* WORK TASK
State how many lines in the listing below contain the word "Continuous", and write nothing else.

* DATA LISTING
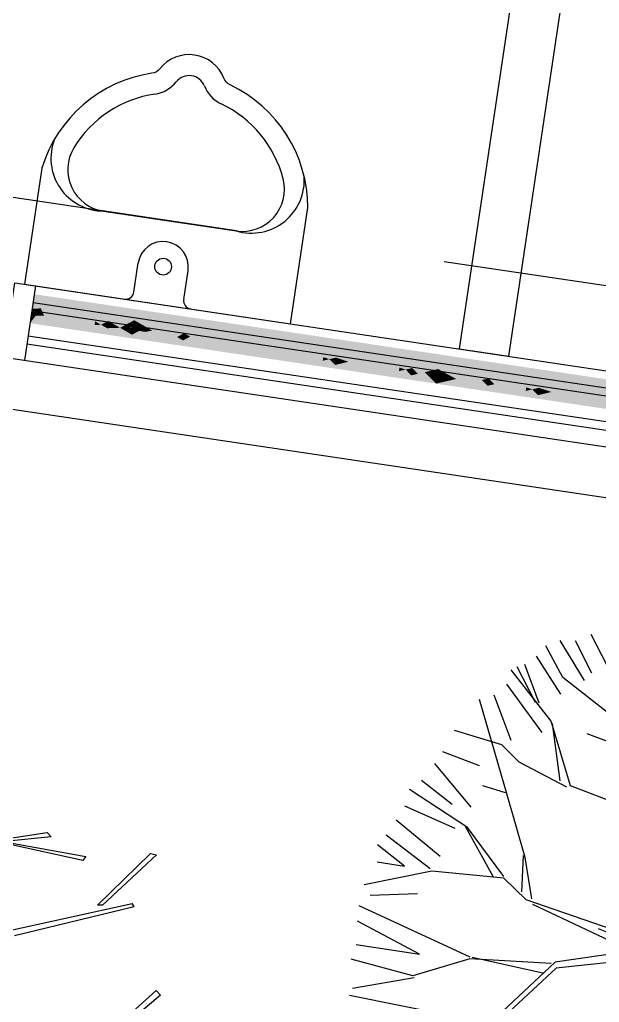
# Model space of a CAD drawing. Header units: millimetres. Extents: x 338 to 506, y 179 to 335.
# Drawn here: x 401.91 to 402.601, y 291.428 to 292.599 of the extents above; entities that cross this region are included whole.
import ezdxf

# ---------------------------------------------------------------- set-up
doc = ezdxf.new("R2010")
doc.units = ezdxf.units.MM
doc.linetypes.add('CENTER', pattern=[2, 1.25, -0.25, 0.25, -0.25])
doc.linetypes.add('DASHED2', pattern=[0.375, 0.25, -0.125])
for name, color, linetype in [('EJES_DE_COLUMNA', 255, 'DASHED2'), ('MUEBLES_FIJOS', 145, 'Continuous'), ('MUROS', 32, 'Continuous'), ('REJAS', 151, 'Continuous'), ('SEÑALIZACIÓN', 41, 'Continuous')]:
    doc.layers.add(name, color=color, linetype=linetype)

# ---------------------------------------------------------------- blocks, each defined once
blk = doc.blocks.new('ARPLS022')
at = {"color": 0, "linetype": 'ByBlock'}
for p, q in [((-0.0778, 0.3731), (-0.0716, 0.4956)), ((-0.0394, 0.4228), (-0.0628, 0.4934)), ((-0.0373, 0.4246), (-0.0285, 0.5)), ((-0.0103, 0.4207), (0.0175, 0.4991)), ((-0.0103, 0.4966), (-0.0103, 0.4207)), ((-0.0051, 0.3603), (0.0359, 0.5)), ((0.0896, 0.4206), (0.0615, 0.4978)), ((0.0503, 0.489), (0.0605, 0.4335)), ((0.0908, 0.4536), (0.1111, 0.489)), ((0.0908, 0.4864), (0.0908, 0.4536)), ((0.0918, 0.4228), (0.124, 0.4806)), ((0.1437, 0.4714), (0.1086, 0.4134)), ((0.1437, 0.4006), (0.1615, 0.4638)), ((0.1474, 0.3862), (0.1817, 0.4612)), ((0.1717, 0.4083), (0.1944, 0.4485)), ((0.1717, 0.3854), (0.217, 0.436)), ((-0.0073, 0.3603), (-0.0373, 0.4246)), ((0.2221, 0.3828), (0.2323, 0.4284)), ((0.094, 0.3347), (0.0896, 0.4206)), ((0.2505, 0.3603), (0.2592, 0.4184)), ((0.094, 0.3475), (0.1474, 0.3884)), ((0.1927, 0.3453), (0.3002, 0.3946)), ((0.0958, 0.3347), (0.1474, 0.3862)), ((0.1949, 0.3475), (0.1989, 0.3753)), ((0.2575, 0.3502), (0.3079, 0.378)), ((0.2725, 0.3148), (0.3232, 0.3652)), ((-0.0113, 0.2721), (-0.0051, 0.3581)), ((0.0015, 0.2637), (-0.0073, 0.3603)), ((0.2333, 0.3368), (0.2505, 0.3603)), ((0.287, 0.3065), (0.3408, 0.3624)), ((0.3064, 0.3281), (0.3452, 0.3559)), ((0.1218, 0.3131), (0.1927, 0.3453)), ((0.3064, 0.3237), (0.3495, 0.3475)), ((-0.0029, 0.2571), (-0.0972, 0.3325)), ((0.0724, 0.3043), (0.094, 0.3347)), ((0.2121, 0.2765), (0.2333, 0.3368)), ((0.3206, 0.2996), (0.3611, 0.335)), ((0.0037, 0.2593), (-0.0694, 0.3175)), ((0.3408, 0.3003), (0.3751, 0.3259)), ((0.0746, 0.2981), (0.1218, 0.3131)), ((0.0808, 0.3109), (0.124, 0.3153)), ((0.2143, 0.2721), (0.287, 0.3065)), ((0.3408, 0.2744), (0.3838, 0.3098)), ((0.0315, 0.1756), (0.068, 0.2959)), ((0.0443, 0.1562), (0.0724, 0.3043)), ((0.2183, 0.2853), (0.2848, 0.3043)), ((0.3002, 0.2293), (0.3408, 0.3003)), ((0.3509, 0.2667), (0.3863, 0.2919)), ((0.1989, 0.2034), (0.2143, 0.2721)), ((0.3611, 0.2492), (0.3963, 0.2744)), ((0.0337, 0.1606), (0.0037, 0.2593)), ((0.253, 0.1434), (0.2788, 0.2616)), ((0.0381, 0.098), (-0.0029, 0.2571)), ((0.0381, 0.1628), (0.0509, 0.2143))]:
    blk.add_line(p, q, dxfattribs=at)
blk = doc.blocks.new('ARPLS504')
at = {"linetype": 'Continuous'}
for p, q in [((0.1621, -0.3706), (0.1692, -0.2669)), ((0.1704, -0.2776), (0.1674, -0.3736)), ((0.1847, -0.3289), (0.171, -0.2753)), ((0.1728, -0.2705), (0.1889, -0.3235)), ((0.0649, -0.2913), (0.1203, -0.4361)), ((0.1168, -0.4391), (0.0614, -0.3033)), ((0.1889, -0.3235), (0.1847, -0.3289)), ((0.1674, -0.3736), (0.1621, -0.3706)), ((0.1132, -0.4016), (0.112, -0.3956)), ((0.112, -0.3956), (0.1823, -0.4492)), ((0.1817, -0.4564), (0.1132, -0.4016)), ((0.0173, -0.4856), (-0.05, -0.4266)), ((-0.0453, -0.4242), (0.022, -0.4796)), ((0.1168, -0.4391), (0.1203, -0.4361)), ((0.1823, -0.4492), (0.1817, -0.4564)), ((0.022, -0.4796), (0.0173, -0.4856))]:
    blk.add_line(p, q, dxfattribs=at)
blk = doc.blocks.new('ACCESO_P')
at = {"color": 3}
for name, p in [('ARPLS504', (2.4881, 4.9426)), ('ARPLS022', (2.60943, 3.73866))]:
    blk.add_blockref(name, p, dxfattribs=at)
blk = doc.blocks.new('*U402')
at = {"layer": 'REJAS', "color": 18, "linetype": 'Continuous', "extrusion": (0, 0, -1)}
for points in [[(-3003.3745, 1980.2511), (-3003.3658, 1980.0068), (-3003.3658, 1980.4954)], [(-3003.3658, 1980.4954), (-3003.3754, 1980.4903), (-3003.3772, 1980.4802)], [(-3003.3706, 1980.4929), (-3003.3658, 1980.4954), (-3003.3748, 1980.4937)], [(-3003.3658, 1980.4954), (-3003.3745, 1980.4954), (-3003.3748, 1980.4937)], [(-3003.3712, 1980.4649), (-3003.3658, 1980.4954), (-3003.3771, 1980.4649)], [(-3003.3658, 1980.4954), (-3003.3772, 1980.4802), (-3003.3771, 1980.4649)], [(-3003.3767, 1980.4344), (-3003.3701, 1980.3733), (-3003.3658, 1980.4954)], [(-3003.3754, 1980.4903), (-3003.3706, 1980.4929), (-3003.3748, 1980.4937)], [(-3003.3833, 1980.0068), (-3003.3745, 1980.2511), (-3003.4008, 1980.4954)], [(-3003.3745, 1980.4954), (-3003.3833, 1980.4954), (-3003.3748, 1980.4937)], [(-3003.3833, 1980.4954), (-3003.3793, 1980.4929), (-3003.3748, 1980.4937)], [(-3003.3748, 1980.4937), (-3003.3793, 1980.4929), (-3003.3754, 1980.4903)], [(-3003.3754, 1980.4903), (-3003.3833, 1980.4954), (-3003.3851, 1980.4853)], [(-3003.3876, 1980.3733), (-3003.3767, 1980.4344), (-3003.4008, 1980.4954)], [(-3003.3833, 1980.0068), (-3003.4008, 1980.4954), (-3003.4008, 1979.5182)], [(-3003.3833, 1980.4954), (-3003.4008, 1980.4954), (-3003.3851, 1980.4853)], [(-3003.4008, 1980.4954), (-3003.3947, 1980.4802), (-3003.3851, 1980.4853)], [(-3003.3754, 1980.4903), (-3003.3851, 1980.4853), (-3003.3772, 1980.4802)], [(-3003.3771, 1980.4649), (-3003.3772, 1980.4802), (-3003.3887, 1980.4649)], [(-3003.3887, 1980.4649), (-3003.3772, 1980.4802), (-3003.3851, 1980.4853)], [(-3003.3851, 1980.4853), (-3003.3947, 1980.4802), (-3003.3887, 1980.4649)], [(-3003.3767, 1980.4344), (-3003.3712, 1980.4649), (-3003.3771, 1980.4649)], [(-3003.3827, 1980.4496), (-3003.3767, 1980.4344), (-3003.3771, 1980.4649)], [(-3003.3887, 1980.4649), (-3003.3827, 1980.4496), (-3003.3771, 1980.4649)], [(-3003.3767, 1980.4344), (-3003.3794, 1980.4191), (-3003.3751, 1980.4191)], [(-3003.3764, 1980.4115), (-3003.3734, 1980.4038), (-3003.3751, 1980.4191)], [(-3003.3764, 1980.4115), (-3003.3773, 1980.4064), (-3003.3749, 1980.4076)], [(-3003.3794, 1980.4191), (-3003.3764, 1980.4115), (-3003.3751, 1980.4191)], [(-3003.3794, 1980.4191), (-3003.3822, 1980.4038), (-3003.3764, 1980.4115)], [(-3003.3773, 1980.4064), (-3003.3764, 1980.4115), (-3003.3793, 1980.4076)], [(-3003.3762, 1980.3886), (-3003.3701, 1980.3733), (-3003.3734, 1980.4038)], [(-3003.3749, 1980.4076), (-3003.3773, 1980.4064), (-3003.3734, 1980.4038)], [(-3003.3734, 1980.4038), (-3003.3773, 1980.4064), (-3003.3778, 1980.4038)], [(-3003.3763, 1980.4), (-3003.3734, 1980.4038), (-3003.3783, 1980.4013)], [(-3003.3734, 1980.4038), (-3003.3778, 1980.4038), (-3003.3783, 1980.4013)], [(-3003.3748, 1980.3962), (-3003.3734, 1980.4038), (-3003.3762, 1980.3962)], [(-3003.3734, 1980.4038), (-3003.3763, 1980.4), (-3003.3762, 1980.3962)], [(-3003.3822, 1980.4038), (-3003.3876, 1980.3733), (-3003.3762, 1980.3886)], [(-3003.3762, 1980.3962), (-3003.3763, 1980.4), (-3003.3792, 1980.3962)], [(-3003.3792, 1980.3962), (-3003.3763, 1980.4), (-3003.3783, 1980.4013)], [(-3003.3822, 1980.4038), (-3003.3773, 1980.4064), (-3003.3793, 1980.4076)], [(-3003.3778, 1980.4038), (-3003.3773, 1980.4064), (-3003.3822, 1980.4038)], [(-3003.3783, 1980.4013), (-3003.3778, 1980.4038), (-3003.3822, 1980.4038)], [(-3003.3822, 1980.4038), (-3003.3807, 1980.4), (-3003.3783, 1980.4013)], [(-3003.3807, 1980.4), (-3003.3792, 1980.3962), (-3003.3783, 1980.4013)], [(-3003.378, 1980.3784), (-3003.3731, 1980.3809), (-3003.3762, 1980.3886)], [(-3003.3762, 1980.3886), (-3003.3748, 1980.3962), (-3003.3762, 1980.3962)], [(-3003.3792, 1980.3962), (-3003.3777, 1980.3924), (-3003.3762, 1980.3962)], [(-3003.3777, 1980.3924), (-3003.3762, 1980.3886), (-3003.3762, 1980.3962)], [(-3003.3762, 1980.3886), (-3003.3819, 1980.3809), (-3003.378, 1980.3784)], [(-3003.3701, 1980.3733), (-3003.3731, 1980.3809), (-3003.378, 1980.3784)], [(-3003.3701, 1980.3733), (-3003.3721, 1980.3746), (-3003.3744, 1980.3741)], [(-3003.3744, 1980.3741), (-3003.3745, 1980.3733), (-3003.3701, 1980.3733)], [(-3003.3721, 1980.3746), (-3003.3741, 1980.3758), (-3003.3744, 1980.3741)], [(-3003.377, 1980.3758), (-3003.3741, 1980.3758), (-3003.376, 1980.3771)], [(-3003.3741, 1980.3758), (-3003.3765, 1980.3746), (-3003.3744, 1980.3741)], [(-3003.3741, 1980.3758), (-3003.377, 1980.3758), (-3003.3765, 1980.3746)], [(-3003.3765, 1980.3746), (-3003.3789, 1980.3733), (-3003.3744, 1980.3741)], [(-3003.3789, 1980.3733), (-3003.3745, 1980.3733), (-3003.3744, 1980.3741)], [(-3003.378, 1980.3784), (-3003.377, 1980.3758), (-3003.376, 1980.3771)], [(-3003.3765, 1980.3746), (-3003.377, 1980.3758), (-3003.3789, 1980.3733)], [(-3003.3784, 1980.3758), (-3003.377, 1980.3758), (-3003.378, 1980.3784)], [(-3003.3789, 1980.3733), (-3003.377, 1980.3758), (-3003.3784, 1980.3758)], [(-3003.3819, 1980.3809), (-3003.3876, 1980.3733), (-3003.378, 1980.3784)], [(-3003.3876, 1980.3733), (-3003.3789, 1980.3733), (-3003.378, 1980.3784)], [(-3003.3701, 1980.3733), (-3003.375, 1980.3707), (-3003.3759, 1980.3656)], [(-3003.3726, 1980.372), (-3003.3701, 1980.3733), (-3003.3747, 1980.3724)], [(-3003.3701, 1980.3733), (-3003.3745, 1980.3733), (-3003.3747, 1980.3724)], [(-3003.3729, 1980.358), (-3003.3701, 1980.3733), (-3003.3758, 1980.358)], [(-3003.3701, 1980.3733), (-3003.3759, 1980.3656), (-3003.3758, 1980.358)], [(-3003.3756, 1980.3427), (-3003.3723, 1980.3122), (-3003.3701, 1980.3733)], [(-3003.375, 1980.3707), (-3003.3726, 1980.372), (-3003.3747, 1980.3724)], [(-3003.3745, 1980.3733), (-3003.3789, 1980.3733), (-3003.3747, 1980.3724)], [(-3003.3789, 1980.3733), (-3003.3769, 1980.372), (-3003.3747, 1980.3724)], [(-3003.3747, 1980.3724), (-3003.3769, 1980.372), (-3003.375, 1980.3707)], [(-3003.375, 1980.3707), (-3003.3789, 1980.3733), (-3003.3798, 1980.3682)], [(-3003.375, 1980.3707), (-3003.3798, 1980.3682), (-3003.3759, 1980.3656)], [(-3003.3811, 1980.3122), (-3003.3756, 1980.3427), (-3003.3876, 1980.3733)], [(-3003.3758, 1980.358), (-3003.3759, 1980.3656), (-3003.3816, 1980.358)], [(-3003.3816, 1980.358), (-3003.3759, 1980.3656), (-3003.3798, 1980.3682)], [(-3003.3789, 1980.3733), (-3003.3876, 1980.3733), (-3003.3798, 1980.3682)], [(-3003.3876, 1980.3733), (-3003.3846, 1980.3656), (-3003.3798, 1980.3682)], [(-3003.3798, 1980.3682), (-3003.3846, 1980.3656), (-3003.3816, 1980.358)], [(-3003.3756, 1980.3427), (-3003.3729, 1980.358), (-3003.3758, 1980.358)], [(-3003.3786, 1980.3504), (-3003.3756, 1980.3427), (-3003.3758, 1980.358)], [(-3003.3816, 1980.358), (-3003.3786, 1980.3504), (-3003.3758, 1980.358)], [(-3003.3783, 1980.3275), (-3003.3723, 1980.3122), (-3003.3756, 1980.3427)], [(-3003.3783, 1980.3275), (-3003.3811, 1980.3122), (-3003.3753, 1980.3198)], [(-3003.3723, 1980.3122), (-3003.3738, 1980.316), (-3003.3762, 1980.3148)], [(-3003.3762, 1980.3148), (-3003.3738, 1980.316), (-3003.3753, 1980.3198)], [(-3003.3753, 1980.3198), (-3003.3782, 1980.316), (-3003.3762, 1980.3148)], [(-3003.3782, 1980.316), (-3003.3811, 1980.3122), (-3003.3762, 1980.3148)], [(-3003.3767, 1980.3122), (-3003.3723, 1980.3122), (-3003.3762, 1980.3148)], [(-3003.3752, 1980.3084), (-3003.3723, 1980.3122), (-3003.3772, 1980.3097)], [(-3003.3723, 1980.3122), (-3003.3767, 1980.3122), (-3003.3772, 1980.3097)], [(-3003.3781, 1980.3046), (-3003.3751, 1980.2969), (-3003.3723, 1980.3122)], [(-3003.3778, 1980.2817), (-3003.3745, 1980.2511), (-3003.3723, 1980.3122)], [(-3003.3778, 1980.2817), (-3003.3751, 1980.2969), (-3003.3811, 1980.3122)], [(-3003.3781, 1980.3046), (-3003.3752, 1980.3084), (-3003.3772, 1980.3097)], [(-3003.3811, 1980.3122), (-3003.3767, 1980.3122), (-3003.3762, 1980.3148)], [(-3003.3767, 1980.3122), (-3003.3811, 1980.3122), (-3003.3772, 1980.3097)], [(-3003.3811, 1980.3122), (-3003.3796, 1980.3084), (-3003.3772, 1980.3097)], [(-3003.3772, 1980.3097), (-3003.3796, 1980.3084), (-3003.3781, 1980.3046)], [(-3003.3767, 1980.19), (-3003.3723, 1980.19), (-3003.3745, 1980.2511)], [(-3003.3723, 1980.19), (-3003.3756, 1980.1595), (-3003.3701, 1980.129)], [(-3003.3723, 1980.19), (-3003.3767, 1980.19), (-3003.3756, 1980.1595)], [(-3003.3756, 1980.1595), (-3003.3767, 1980.19), (-3003.3789, 1980.129)], [(-3003.3756, 1980.1595), (-3003.3772, 1980.1442), (-3003.3729, 1980.1442)], [(-3003.3729, 1980.1442), (-3003.3759, 1980.1366), (-3003.3701, 1980.129)], [(-3003.3729, 1980.1442), (-3003.3772, 1980.1442), (-3003.3759, 1980.1366)], [(-3003.3759, 1980.1366), (-3003.3772, 1980.1442), (-3003.3789, 1980.129)], [(-3003.3767, 1980.0679), (-3003.3658, 1980.0068), (-3003.3701, 1980.129)], [(-3003.3701, 1980.129), (-3003.373, 1980.1328), (-3003.375, 1980.1315)], [(-3003.3745, 1980.129), (-3003.3701, 1980.129), (-3003.375, 1980.1315)], [(-3003.3734, 1980.0984), (-3003.3701, 1980.129), (-3003.3762, 1980.1137)], [(-3003.3716, 1980.1252), (-3003.3701, 1980.129), (-3003.3741, 1980.1264)], [(-3003.3701, 1980.129), (-3003.3745, 1980.129), (-3003.3741, 1980.1264)], [(-3003.375, 1980.1315), (-3003.373, 1980.1328), (-3003.3759, 1980.1366)], [(-3003.3765, 1980.1277), (-3003.3741, 1980.1264), (-3003.3745, 1980.129)], [(-3003.3789, 1980.129), (-3003.3745, 1980.129), (-3003.375, 1980.1315)], [(-3003.3789, 1980.129), (-3003.3765, 1980.1277), (-3003.3745, 1980.129)], [(-3003.3759, 1980.1366), (-3003.3774, 1980.1328), (-3003.375, 1980.1315)], [(-3003.3774, 1980.1328), (-3003.3789, 1980.129), (-3003.375, 1980.1315)], [(-3003.376, 1980.1252), (-3003.3789, 1980.129), (-3003.3761, 1980.1213)], [(-3003.3765, 1980.1277), (-3003.3789, 1980.129), (-3003.376, 1980.1252)], [(-3003.3789, 1980.129), (-3003.3775, 1980.1213), (-3003.3761, 1980.1213)], [(-3003.3762, 1980.1137), (-3003.3789, 1980.129), (-3003.3778, 1980.0984)], [(-3003.3767, 1980.0679), (-3003.3789, 1980.129), (-3003.3833, 1980.0068)], [(-3003.3731, 1980.1213), (-3003.3716, 1980.1252), (-3003.3741, 1980.1264)], [(-3003.3741, 1980.1264), (-3003.376, 1980.1252), (-3003.3731, 1980.1213)], [(-3003.3731, 1980.1213), (-3003.376, 1980.1252), (-3003.3761, 1980.1213)], [(-3003.3747, 1980.1175), (-3003.3731, 1980.1213), (-3003.3761, 1980.1213)], [(-3003.3765, 1980.1277), (-3003.376, 1980.1252), (-3003.3741, 1980.1264)], [(-3003.3762, 1980.1137), (-3003.3747, 1980.1175), (-3003.3761, 1980.1213)], [(-3003.3761, 1980.1213), (-3003.3775, 1980.1213), (-3003.3762, 1980.1137)], [(-3003.3734, 1980.0984), (-3003.3762, 1980.1137), (-3003.3778, 1980.0984)], [(-3003.3767, 1980.0679), (-3003.3734, 1980.0984), (-3003.3778, 1980.0984)], [(-3003.3783, 1980.0526), (-3003.374, 1980.0526), (-3003.3767, 1980.0679)], [(-3003.374, 1980.0526), (-3003.377, 1980.045), (-3003.3712, 1980.0374)], [(-3003.374, 1980.0526), (-3003.3783, 1980.0526), (-3003.377, 1980.045)], [(-3003.377, 1980.045), (-3003.3783, 1980.0526), (-3003.38, 1980.0374)], [(-3003.3772, 1980.0221), (-3003.3658, 1980.0068), (-3003.3712, 1980.0374)], [(-3003.3712, 1980.0374), (-3003.3741, 1980.0412), (-3003.3761, 1980.0399)], [(-3003.3756, 1980.0374), (-3003.3712, 1980.0374), (-3003.3761, 1980.0399)], [(-3003.3712, 1980.0374), (-3003.3752, 1980.0348), (-3003.3727, 1980.0335)], [(-3003.3752, 1980.0348), (-3003.3712, 1980.0374), (-3003.3756, 1980.0374)], [(-3003.3727, 1980.0335), (-3003.3752, 1980.0348), (-3003.3742, 1980.0297)], [(-3003.3761, 1980.0399), (-3003.3741, 1980.0412), (-3003.377, 1980.045)], [(-3003.3742, 1980.0297), (-3003.38, 1980.0374), (-3003.3772, 1980.0221)], [(-3003.3742, 1980.0297), (-3003.3752, 1980.0348), (-3003.3771, 1980.0335)], [(-3003.3771, 1980.0335), (-3003.3752, 1980.0348), (-3003.38, 1980.0374)], [(-3003.38, 1980.0374), (-3003.3752, 1980.0348), (-3003.3756, 1980.0374)], [(-3003.38, 1980.0374), (-3003.3756, 1980.0374), (-3003.3761, 1980.0399)], [(-3003.377, 1980.045), (-3003.3785, 1980.0412), (-3003.3761, 1980.0399)], [(-3003.3785, 1980.0412), (-3003.38, 1980.0374), (-3003.3761, 1980.0399)], [(-3003.3772, 1980.0221), (-3003.38, 1980.0374), (-3003.3833, 1980.0068)], [(-3003.3715, 1980.0145), (-3003.3754, 1980.0119), (-3003.3658, 1980.0068)], [(-3003.3658, 1980.0068), (-3003.3754, 1980.0119), (-3003.3745, 1980.0068)], [(-3003.3772, 1980.0221), (-3003.3754, 1980.0119), (-3003.3715, 1980.0145)], [(-3003.3745, 1980.0068), (-3003.3754, 1980.0119), (-3003.3833, 1980.0068)], [(-3003.3754, 1980.0119), (-3003.3772, 1980.0221), (-3003.3803, 1980.0145)], [(-3003.3833, 1980.0068), (-3003.3754, 1980.0119), (-3003.3803, 1980.0145)], [(-3003.3723, 1979.9457), (-3003.3658, 1980.0068), (-3003.3778, 1979.9763)], [(-3003.3745, 1980.0068), (-3003.3736, 1980.0017), (-3003.3658, 1980.0068)], [(-3003.3658, 1980.0068), (-3003.3736, 1980.0017), (-3003.3688, 1979.9992)], [(-3003.3723, 1979.9457), (-3003.3701, 1979.8847), (-3003.3658, 1980.0068)], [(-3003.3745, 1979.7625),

* EXERCISE ANSWER
3